🤖 AI Summary
This work investigates whether large language models (LLMs) still suffer from test overfitting in automated program repair—i.e., generating patches that pass visible (training) tests but fail on unseen, hidden tests. We conduct the first systematic evaluation of LLMs’ generalization capability at the repository level using the SWE-bench benchmark, introducing a controlled visible/hidden test split framework to quantitatively measure overfitting severity.
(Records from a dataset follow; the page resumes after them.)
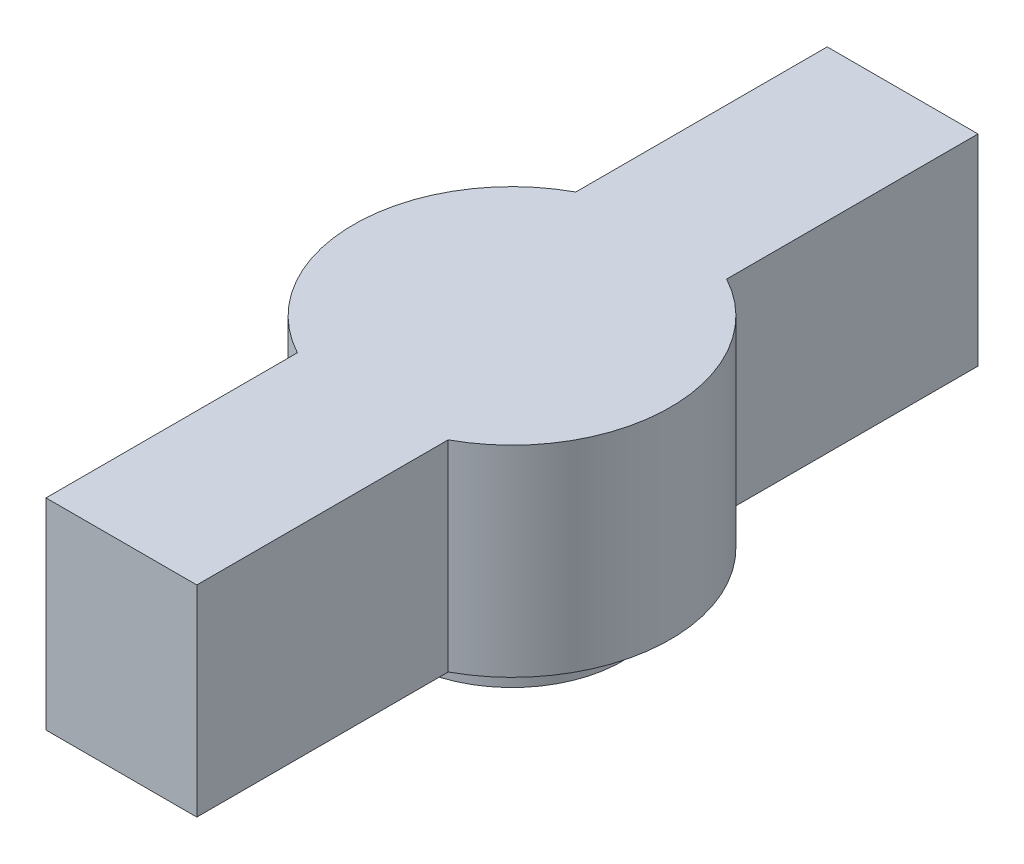
ISO-10303-21;
HEADER;
FILE_DESCRIPTION(('STEP AP214'),'2;1');
FILE_NAME('part.step','',(''),(''),'','','');
FILE_SCHEMA(('AUTOMOTIVE_DESIGN { 1 0 10303 214 1 1 1 1 }'));
ENDSEC;
DATA;
#1=APPLICATION_CONTEXT('core data for automotive mechanical design processes');
#2=APPLICATION_PROTOCOL_DEFINITION('international standard','automotive_design',2000,#1);
#3=PRODUCT_CONTEXT('',#1,'mechanical');
#4=PRODUCT('Part','Part','',(#3));
#5=PRODUCT_RELATED_PRODUCT_CATEGORY('part','',(#4));
#6=PRODUCT_DEFINITION_FORMATION('','',#4);
#7=PRODUCT_DEFINITION_CONTEXT('part definition',#1,'design');
#8=PRODUCT_DEFINITION('design','',#6,#7);
#9=PRODUCT_DEFINITION_SHAPE('','',#8);
#10=(LENGTH_UNIT() NAMED_UNIT(*) SI_UNIT(.MILLI.,.METRE.));
#11=(NAMED_UNIT(*) PLANE_ANGLE_UNIT() SI_UNIT($,.RADIAN.));
#12=(NAMED_UNIT(*) SI_UNIT($,.STERADIAN.) SOLID_ANGLE_UNIT());
#13=UNCERTAINTY_MEASURE_WITH_UNIT(LENGTH_MEASURE(1.E-05),#10,'distance_accuracy_value','');
#14=(GEOMETRIC_REPRESENTATION_CONTEXT(3) GLOBAL_UNCERTAINTY_ASSIGNED_CONTEXT((#13)) GLOBAL_UNIT_ASSIGNED_CONTEXT((#10,
#11,#12)) REPRESENTATION_CONTEXT('',''));
#15=CARTESIAN_POINT('',(0.,0.,0.));
#16=DIRECTION('',(0.,0.,1.));
#17=DIRECTION('',(1.,0.,0.));
#18=AXIS2_PLACEMENT_3D('',#15,#16,#17);
#19=CARTESIAN_POINT('',(1.27,2.54,0.));
#20=DIRECTION('',(-1.,0.,0.));
#21=DIRECTION('',(0.,0.,1.));
#22=AXIS2_PLACEMENT_3D('',#19,#20,#21);
#23=PLANE('',#22);
#24=DIRECTION('',(0.,0.,-1.));
#25=VECTOR('',#24,1.);
#26=CARTESIAN_POINT('',(1.27,0.,0.));
#27=LINE('',#26,#25);
#28=CARTESIAN_POINT('',(1.27,0.,11.5607342176639));
#29=VERTEX_POINT('',#28);
#30=CARTESIAN_POINT('',(1.27,0.,6.48073421766392));
#31=VERTEX_POINT('',#30);
#32=EDGE_CURVE('E147',#29,#31,#27,.T.);
#33=ORIENTED_EDGE('',*,*,#32,.T.);
#34=DIRECTION('',(0.,-1.,0.));
#35=VECTOR('',#34,1.);
#36=CARTESIAN_POINT('',(1.27,2.54,6.48073421766392));
#37=LINE('',#36,#35);
#38=CARTESIAN_POINT('',(1.27,2.54,6.48073421766392));
#39=VERTEX_POINT('',#38);
#40=EDGE_CURVE('E11',#39,#31,#37,.T.);
#41=ORIENTED_EDGE('',*,*,#40,.F.);
#42=DIRECTION('',(0.,0.,-1.));
#43=VECTOR('',#42,1.);
#44=CARTESIAN_POINT('',(1.27,2.54,0.));
#45=LINE('',#44,#43);
#46=CARTESIAN_POINT('',(1.27,2.54,11.5607342176639));
#47=VERTEX_POINT('',#46);
#48=EDGE_CURVE('E164',#47,#39,#45,.T.);
#49=ORIENTED_EDGE('',*,*,#48,.F.);
#50=DIRECTION('',(0.,-1.,0.));
#51=VECTOR('',#50,1.);
#52=CARTESIAN_POINT('',(1.27,2.54,11.5607342176639));
#53=LINE('',#52,#51);
#54=EDGE_CURVE('E146',#47,#29,#53,.T.);
#55=ORIENTED_EDGE('',*,*,#54,.T.);
#56=EDGE_LOOP('',(#33,#41,#49,#55));
#57=FACE_BOUND('',#56,.T.);
#58=ADVANCED_FACE('F40',(#57),#23,.F.);
#59=CARTESIAN_POINT('',(0.,2.54,0.));
#60=DIRECTION('',(0.,-1.,0.));
#61=DIRECTION('',(0.,0.,-1.));
#62=AXIS2_PLACEMENT_3D('',#59,#60,#61);
#63=CYLINDRICAL_SURFACE('',#62,6.604);
#64=CARTESIAN_POINT('',(0.,0.,0.));
#65=DIRECTION('',(0.,1.,0.));
#66=DIRECTION('',(0.,0.,1.));
#67=AXIS2_PLACEMENT_3D('',#64,#65,#66);
#68=CIRCLE('',#67,6.604);
#69=CARTESIAN_POINT('',(1.27,0.,-6.48073421766392));
#70=VERTEX_POINT('',#69);
#71=EDGE_CURVE('E150',#31,#70,#68,.T.);
#72=ORIENTED_EDGE('',*,*,#71,.T.);
#73=DIRECTION('',(0.,-1.,0.));
#74=VECTOR('',#73,1.);
#75=CARTESIAN_POINT('',(1.27,2.54,-6.48073421766392));
#76=LINE('',#75,#74);
#77=CARTESIAN_POINT('',(1.27,2.54,-6.48073421766392));
#78=VERTEX_POINT('',#77);
#79=EDGE_CURVE('E48',#78,#70,#76,.T.);
#80=ORIENTED_EDGE('',*,*,#79,.F.);
#81=CARTESIAN_POINT('',(0.,2.54,0.));
#82=DIRECTION('',(0.,1.,0.));
#83=DIRECTION('',(0.,0.,1.));
#84=AXIS2_PLACEMENT_3D('',#81,#82,#83);
#85=CIRCLE('',#84,6.604);
#86=EDGE_CURVE('E98',#39,#78,#85,.T.);
#87=ORIENTED_EDGE('',*,*,#86,.F.);
#88=ORIENTED_EDGE('',*,*,#40,.T.);
#89=EDGE_LOOP('',(#72,#80,#87,#88));
#90=FACE_BOUND('',#89,.T.);
#91=ADVANCED_FACE('F174',(#90),#63,.T.);
#92=CARTESIAN_POINT('',(1.27,2.54,0.));
#93=DIRECTION('',(1.,0.,0.));
#94=DIRECTION('',(0.,0.,-1.));
#95=AXIS2_PLACEMENT_3D('',#92,#93,#94);
#96=PLANE('',#95);
#97=DIRECTION('',(0.,0.,1.));
#98=VECTOR('',#97,1.);
#99=CARTESIAN_POINT('',(1.27,0.,0.));
#100=LINE('',#99,#98);
#101=CARTESIAN_POINT('',(1.27,0.,-11.5607342176639));
#102=VERTEX_POINT('',#101);
#103=EDGE_CURVE('E154',#102,#70,#100,.T.);
#104=ORIENTED_EDGE('',*,*,#103,.F.);
#105=DIRECTION('',(0.,-1.,0.));
#106=VECTOR('',#105,1.);
#107=CARTESIAN_POINT('',(1.27,2.54,-11.5607342176639));
#108=LINE('',#107,#106);
#109=CARTESIAN_POINT('',(1.27,2.54,-11.5607342176639));
#110=VERTEX_POINT('',#109);
#111=EDGE_CURVE('E169',#110,#102,#108,.T.);
#112=ORIENTED_EDGE('',*,*,#111,.F.);
#113=DIRECTION('',(0.,0.,1.));
#114=VECTOR('',#113,1.);
#115=CARTESIAN_POINT('',(1.27,2.54,0.));
#116=LINE('',#115,#114);
#117=EDGE_CURVE('E139',#110,#78,#116,.T.);
#118=ORIENTED_EDGE('',*,*,#117,.T.);
#119=ORIENTED_EDGE('',*,*,#79,.T.);
#120=EDGE_LOOP('',(#104,#112,#118,#119));
#121=FACE_BOUND('',#120,.T.);
#122=ADVANCED_FACE('F173',(#121),#96,.T.);
#123=CARTESIAN_POINT('',(0.,2.54,-11.5607342176639));
#124=DIRECTION('',(0.,0.,-1.));
#125=DIRECTION('',(-1.,0.,0.));
#126=AXIS2_PLACEMENT_3D('',#123,#124,#125);
#127=PLANE('',#126);
#128=DIRECTION('',(1.,0.,0.));
#129=VECTOR('',#128,1.);
#130=CARTESIAN_POINT('',(0.,0.,-11.5607342176639));
#131=LINE('',#130,#129);
#132=CARTESIAN_POINT('',(-1.27,0.,-11.5607342176639));
#133=VERTEX_POINT('',#132);
#134=EDGE_CURVE('E158',#133,#102,#131,.T.);
#135=ORIENTED_EDGE('',*,*,#134,.F.);
#136=DIRECTION('',(0.,-1.,0.));
#137=VECTOR('',#136,1.);
#138=CARTESIAN_POINT('',(-1.27,2.54,-11.5607342176639));
#139=LINE('',#138,#137);
#140=CARTESIAN_POINT('',(-1.27,2.54,-11.5607342176639));
#141=VERTEX_POINT('',#140);
#142=EDGE_CURVE('E123',#141,#133,#139,.T.);
#143=ORIENTED_EDGE('',*,*,#142,.F.);
#144=DIRECTION('',(1.,0.,0.));
#145=VECTOR('',#144,1.);
#146=CARTESIAN_POINT('',(0.,2.54,-11.5607342176639));
#147=LINE('',#146,#145);
#148=EDGE_CURVE('E137',#141,#110,#147,.T.);
#149=ORIENTED_EDGE('',*,*,#148,.T.);
#150=ORIENTED_EDGE('',*,*,#111,.T.);
#151=EDGE_LOOP('',(#135,#143,#149,#150));
#152=FACE_BOUND('',#151,.T.);
#153=ADVANCED_FACE('F180',(#152),#127,.T.);
#154=CARTESIAN_POINT('',(-1.27,2.54,0.));
#155=DIRECTION('',(-1.,0.,0.));
#156=DIRECTION('',(0.,0.,1.));
#157=AXIS2_PLACEMENT_3D('',#154,#155,#156);
#158=PLANE('',#157);
#159=DIRECTION('',(0.,0.,-1.));
#160=VECTOR('',#159,1.);
#161=CARTESIAN_POINT('',(-1.27,0.,0.));
#162=LINE('',#161,#160);
#163=CARTESIAN_POINT('',(-1.27,0.,-6.48073421766392));
#164=VERTEX_POINT('',#163);
#165=EDGE_CURVE('E120',#164,#133,#162,.T.);
#166=ORIENTED_EDGE('',*,*,#165,.F.);
#167=DIRECTION('',(0.,-1.,0.));
#168=VECTOR('',#167,1.);
#169=CARTESIAN_POINT('',(-1.27,2.54,-6.48073421766392));
#170=LINE('',#169,#168);
#171=CARTESIAN_POINT('',(-1.27,2.54,-6.48073421766392));
#172=VERTEX_POINT('',#171);
#173=EDGE_CURVE('E113',#172,#164,#170,.T.);
#174=ORIENTED_EDGE('',*,*,#173,.F.);
#175=DIRECTION('',(0.,0.,-1.));
#176=VECTOR('',#175,1.);
#177=CARTESIAN_POINT('',(-1.27,2.54,0.));
#178=LINE('',#177,#176);
#179=EDGE_CURVE('E117',#172,#141,#178,.T.);
#180=ORIENTED_EDGE('',*,*,#179,.T.);
#181=ORIENTED_EDGE('',*,*,#142,.T.);
#182=EDGE_LOOP('',(#166,#174,#180,#181));
#183=FACE_BOUND('',#182,.T.);
#184=ADVANCED_FACE('F115',(#183),#158,.T.);
#185=CARTESIAN_POINT('',(-1.27,0.,6.48073421766392));
#186=VERTEX_POINT('',#185);
#187=EDGE_CURVE('E155',#164,#186,#68,.T.);
#188=ORIENTED_EDGE('',*,*,#187,.T.);
#189=DIRECTION('',(0.,-1.,0.));
#190=VECTOR('',#189,1.);
#191=CARTESIAN_POINT('',(-1.27,2.54,6.48073421766392));
#192=LINE('',#191,#190);
#193=CARTESIAN_POINT('',(-1.27,2.54,6.48073421766392));
#194=VERTEX_POINT('',#193);
#195=EDGE_CURVE('E124',#194,#186,#192,.T.);
#196=ORIENTED_EDGE('',*,*,#195,.F.);
#197=EDGE_CURVE('E127',#172,#194,#85,.T.);
#198=ORIENTED_EDGE('',*,*,#197,.F.);
#199=ORIENTED_EDGE('',*,*,#173,.T.);
#200=EDGE_LOOP('',(#188,#196,#198,#199));
#201=FACE_BOUND('',#200,.T.);
#202=ADVANCED_FACE('F128',(#201),#63,.T.);
#203=CARTESIAN_POINT('',(-1.27,2.54,0.));
#204=DIRECTION('',(1.,0.,0.));
#205=DIRECTION('',(0.,0.,-1.));
#206=AXIS2_PLACEMENT_3D('',#203,#204,#205);
#207=PLANE('',#206);
#208=DIRECTION('',(0.,0.,1.));
#209=VECTOR('',#208,1.);
#210=CARTESIAN_POINT('',(-1.27,0.,0.));
#211=LINE('',#210,#209);
#212=CARTESIAN_POINT('',(-1.27,0.,11.5607342176639));
#213=VERTEX_POINT('',#212);
#214=EDGE_CURVE('E84',#186,#213,#211,.T.);
#215=ORIENTED_EDGE('',*,*,#214,.T.);
#216=DIRECTION('',(0.,-1.,0.));
#217=VECTOR('',#216,1.);
#218=CARTESIAN_POINT('',(-1.27,2.54,11.5607342176639));
#219=LINE('',#218,#217);
#220=CARTESIAN_POINT('',(-1.27,2.54,11.5607342176639));
#221=VERTEX_POINT('',#220);
#222=EDGE_CURVE('E56',#221,#213,#219,.T.);
#223=ORIENTED_EDGE('',*,*,#222,.F.);
#224=DIRECTION('',(0.,0.,1.));
#225=VECTOR('',#224,1.);
#226=CARTESIAN_POINT('',(-1.27,2.54,0.));
#227=LINE('',#226,#225);
#228=EDGE_CURVE('E131',#194,#221,#227,.T.);
#229=ORIENTED_EDGE('',*,*,#228,.F.);
#230=ORIENTED_EDGE('',*,*,#195,.T.);
#231=EDGE_LOOP('',(#215,#223,#229,#230));
#232=FACE_BOUND('',#231,.T.);
#233=ADVANCED_FACE('F314',(#232),#207,.F.);
#234=CARTESIAN_POINT('',(0.,2.54,11.5607342176639));
#235=DIRECTION('',(0.,0.,-1.));
#236=DIRECTION('',(-1.,0.,0.));
#237=AXIS2_PLACEMENT_3D('',#234,#235,#236);
#238=PLANE('',#237);
#239=DIRECTION('',(1.,0.,0.));
#240=VECTOR('',#239,1.);
#241=CARTESIAN_POINT('',(0.,0.,11.5607342176639));
#242=LINE('',#241,#240);
#243=EDGE_CURVE('E90',#213,#29,#242,.T.);
#244=ORIENTED_EDGE('',*,*,#243,.T.);
#245=ORIENTED_EDGE('',*,*,#54,.F.);
#246=DIRECTION('',(1.,0.,0.));
#247=VECTOR('',#246,1.);
#248=CARTESIAN_POINT('',(0.,2.54,11.5607342176639));
#249=LINE('',#248,#247);
#250=EDGE_CURVE('E144',#221,#47,#249,.T.);
#251=ORIENTED_EDGE('',*,*,#250,.F.);
#252=ORIENTED_EDGE('',*,*,#222,.T.);
#253=EDGE_LOOP('',(#244,#245,#251,#252));
#254=FACE_BOUND('',#253,.T.);
#255=ADVANCED_FACE('F303',(#254),#238,.F.);
#256=CARTESIAN_POINT('',(0.,0.,0.));
#257=DIRECTION('',(0.,1.,0.));
#258=DIRECTION('',(0.,0.,1.));
#259=AXIS2_PLACEMENT_3D('',#256,#257,#258);
#260=PLANE('',#259);
#261=ORIENTED_EDGE('',*,*,#32,.F.);
#262=ORIENTED_EDGE('',*,*,#243,.F.);
#263=ORIENTED_EDGE('',*,*,#214,.F.);
#264=ORIENTED_EDGE('',*,*,#187,.F.);
#265=ORIENTED_EDGE('',*,*,#165,.T.);
#266=ORIENTED_EDGE('',*,*,#134,.T.);
#267=ORIENTED_EDGE('',*,*,#103,.T.);
#268=ORIENTED_EDGE('',*,*,#71,.F.);
#269=EDGE_LOOP('',(#261,#262,#263,#264,#265,#266,#267,#268));
#270=FACE_BOUND('',#269,.T.);
#271=ADVANCED_FACE('F177',(#270),#260,.F.);
#272=CARTESIAN_POINT('',(0.,2.54,0.));
#273=DIRECTION('',(0.,1.,0.));
#274=DIRECTION('',(0.,0.,1.));
#275=AXIS2_PLACEMENT_3D('',#272,#273,#274);
#276=PLANE('',#275);
#277=CARTESIAN_POINT('',(0.,2.54,0.));
#278=DIRECTION('',(0.,1.,0.));
#279=DIRECTION('',(0.,0.,1.));
#280=AXIS2_PLACEMENT_3D('',#277,#278,#279);
#281=CIRCLE('',#280,9.45);
#282=CARTESIAN_POINT('',(-4.5,2.54,-8.30978339067872));
#283=VERTEX_POINT('',#282);
#284=CARTESIAN_POINT('',(-4.5,2.54,8.30978339067872));
#285=VERTEX_POINT('',#284);
#286=EDGE_CURVE('E230',#283,#285,#281,.T.);
#287=ORIENTED_EDGE('',*,*,#286,.F.);
#288=DIRECTION('',(0.,0.,1.));
#289=VECTOR('',#288,1.);
#290=CARTESIAN_POINT('',(-4.5,2.54,-8.30978339067872));
#291=LINE('',#290,#289);
#292=CARTESIAN_POINT('',(-4.5,2.54,-23.3097833906787));
#293=VERTEX_POINT('',#292);
#294=EDGE_CURVE('E208',#293,#283,#291,.T.);
#295=ORIENTED_EDGE('',*,*,#294,.F.);
#296=DIRECTION('',(-1.,0.,0.));
#297=VECTOR('',#296,1.);
#298=CARTESIAN_POINT('',(-4.5,2.54,-23.3097833906787));
#299=LINE('',#298,#297);
#300=CARTESIAN_POINT('',(4.5,2.54,-23.3097833906787));
#301=VERTEX_POINT('',#300);
#302=EDGE_CURVE('E212',#301,#293,#299,.T.);
#303=ORIENTED_EDGE('',*,*,#302,.F.);
#304=DIRECTION('',(0.,0.,-1.));
#305=VECTOR('',#304,1.);
#306=CARTESIAN_POINT('',(4.5,2.54,-23.3097833906787));
#307=LINE('',#306,#305);
#308=CARTESIAN_POINT('',(4.5,2.54,-8.30978339067872));
#309=VERTEX_POINT('',#308);
#310=EDGE_CURVE('E215',#309,#301,#307,.T.);
#311=ORIENTED_EDGE('',*,*,#310,.F.);
#312=CARTESIAN_POINT('',(0.,2.54,0.));
#313=DIRECTION('',(0.,1.,0.));
#314=DIRECTION('',(0.,0.,1.));
#315=AXIS2_PLACEMENT_3D('',#312,#313,#314);
#316=CIRCLE('',#315,9.45);
#317=CARTESIAN_POINT('',(4.5,2.54,8.30978339067872));
#318=VERTEX_POINT('',#317);
#319=EDGE_CURVE('E218',#318,#309,#316,.T.);
#320=ORIENTED_EDGE('',*,*,#319,.F.);
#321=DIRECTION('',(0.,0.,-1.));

Our experiments reveal that, despite substantial improvements in overall repair accuracy, test overfitting remains pervasive: for several models and tasks, pass rates on hidden tests drop by over 40% relative to visible tests. These findings expose a critical generalization deficiency in current LLM-based repair approaches. Moreover, we establish a reproducible, empirically grounded evaluation paradigm—comprising standardized test partitioning, rigorous metrics, and benchmarked baselines—to guide future efforts toward more robust and trustworthy automated repair systems.
📝 Abstract
Automated program repair has been shown to be susceptible to generating repaired code that passes on seen tests but fails on a hold-out set of hidden tests. This problem, dubbed test overfitting, has been identified and studied before the rise of large language models. We experimentally study how much test overfitting is still a problem today, using repository-level SWE-bench tasks.